Args: multiscales: The NgffMultiscales object whose images to search.

Returns: The selected NgffImage level.

ngff_zarr.compute_omero.compute_omero_from_multiscales(
multiscales: ngff_zarr.multiscales.NgffMultiscales,
quantiles: tuple[float, float] = (0.02, 0.98),
colors: collections.abc.Sequence[str] | None = None,
labels: collections.abc.Sequence[str] | None = None,
dense: bool = False,
) ngff_zarr.v04.zarr_metadata.Omero

Compute OMERO metadata from a NgffMultiscales object.

This is a convenience function that computes OMERO metadata from the multiscales pyramid.
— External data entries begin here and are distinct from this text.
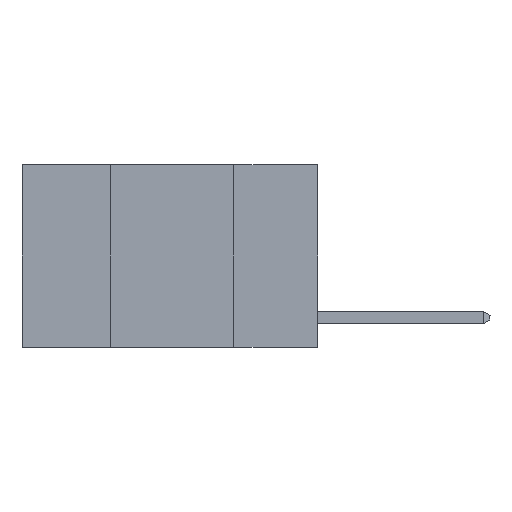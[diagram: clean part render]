
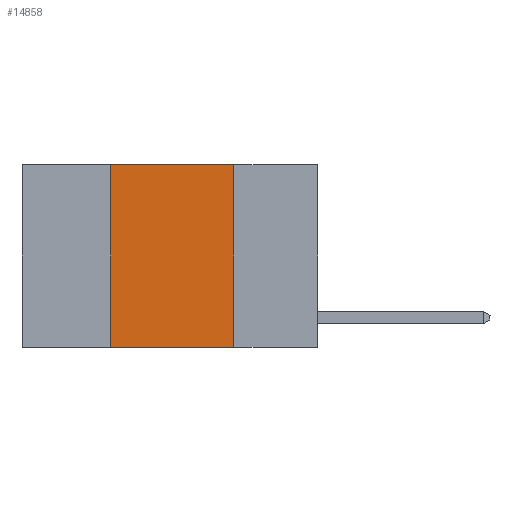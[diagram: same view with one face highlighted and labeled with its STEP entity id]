
A CAD part, left-side view. The second image highlights one B-rep face of the part: STEP entity #14858.
In plain terms, the highlighted planar face has unit normal (-1, 0, 0).
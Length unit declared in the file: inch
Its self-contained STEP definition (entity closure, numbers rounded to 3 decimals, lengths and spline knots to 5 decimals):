
#1381 = CARTESIAN_POINT ( 'NONE',  ( 0., 0.6, -0.37 ) ) ;
#2196 = CARTESIAN_POINT ( 'NONE',  ( 0., 0.42, -0.37 ) ) ;
#3313 = DIRECTION ( 'NONE',  ( 1., 0., 0. ) ) ;
#3771 = PLANE ( 'NONE',  #17007 ) ;
#4456 = CARTESIAN_POINT ( 'NONE',  ( 0., 0.42, 0. ) ) ;
#4623 = CARTESIAN_POINT ( 'NONE',  ( 0., 0.17, -0.37 ) ) ;
#4636 = LINE ( 'NONE', #6441, #8162 ) ;
#6266 = LINE ( 'NONE', #4456, #15112 ) ;
#6441 = CARTESIAN_POINT ( 'NONE',  ( 0., 0.17, 0. ) ) ;
#7919 = DIRECTION ( 'NONE',  ( 0., -1., 0. ) ) ;
#8162 = VECTOR ( 'NONE', #16612, 39.37008 ) ;
#9921 = EDGE_LOOP ( 'NONE', ( #19575, #16807, #13028, #11287 ) ) ;
#10134 = VECTOR ( 'NONE', #7919, 39.37008 ) ;
#10300 = CARTESIAN_POINT ( 'NONE',  ( 0., 0.6, 0. ) ) ;
#11287 = ORIENTED_EDGE ( 'NONE', *, *, #18727, .T. ) ;
#11996 = EDGE_CURVE ( 'NONE', #20389, #16776, #6266, .T. ) ;
#13028 = ORIENTED_EDGE ( 'NONE', *, *, #11996, .F. ) ;
#13078 = DIRECTION ( 'NONE',  ( 0., -1., 0. ) ) ;
#13956 = CARTESIAN_POINT ( 'NONE',  ( 0., 0.42, 0. ) ) ;
#14283 = EDGE_CURVE ( 'NONE', #18843, #18831, #4636, .T. ) ;
#14858 = ADVANCED_FACE ( 'NONE', ( #15042 ), #3771, .F. ) ;
#15042 = FACE_OUTER_BOUND ( 'NONE', #9921, .T. ) ;
#15112 = VECTOR ( 'NONE', #18386, 39.37008 ) ;
#16044 = VECTOR ( 'NONE', #13078, 39.37008 ) ;
#16612 = DIRECTION ( 'NONE',  ( 0., 0., -1. ) ) ;
#16776 = VERTEX_POINT ( 'NONE', #13956 ) ;
#16807 = ORIENTED_EDGE ( 'NONE', *, *, #20996, .F. ) ;
#17007 = AXIS2_PLACEMENT_3D ( 'NONE', #10300, #3313, #21052 ) ;
#18060 = CARTESIAN_POINT ( 'NONE',  ( 0., 0.6, 0. ) ) ;
#18386 = DIRECTION ( 'NONE',  ( 0., 0., 1. ) ) ;
#18399 = LINE ( 'NONE', #18060, #16044 ) ;
#18727 = EDGE_CURVE ( 'NONE', #20389, #18831, #22141, .T. ) ;
#18831 = VERTEX_POINT ( 'NONE', #4623 ) ;
#18843 = VERTEX_POINT ( 'NONE', #22028 ) ;
#19575 = ORIENTED_EDGE ( 'NONE', *, *, #14283, .F. ) ;
#20389 = VERTEX_POINT ( 'NONE', #2196 ) ;
#20996 = EDGE_CURVE ( 'NONE', #16776, #18843, #18399, .T. ) ;
#21052 = DIRECTION ( 'NONE',  ( 0., 0., -1. ) ) ;
#22028 = CARTESIAN_POINT ( 'NONE',  ( 0., 0.17, 0. ) ) ;
#22141 = LINE ( 'NONE', #1381, #10134 ) ;

For small images the highest-resolution level is used (most accurate). For large images (e.g. whole-slide images with > 1 M spatial pixels) the lowest-resolution level with at least 256x256 spatial pixels is used instead. Dask’s approximate percentile algorithm is much more accurate on a small, representative image than on a very large one where most chunks contain only background pixels.

Uses memory-efficient computation that processes data in chunks. This makes it safe to use with very large datasets without risk of memory exhaustion.

Args: multiscales: The NgffMultiscales object to compute metadata for quantiles: Tuple of (low, high) quantile values for the display window. colors: Optional list of hex color strings for each channel. labels: Optional list of label strings for each channel. dense: If True, use histogram-based dense sampling for exact quantile computation over the full data. If False (default), use Dask’s approximate percentile algorithm.

Returns: Omero metadata with computed window parameters for each channel.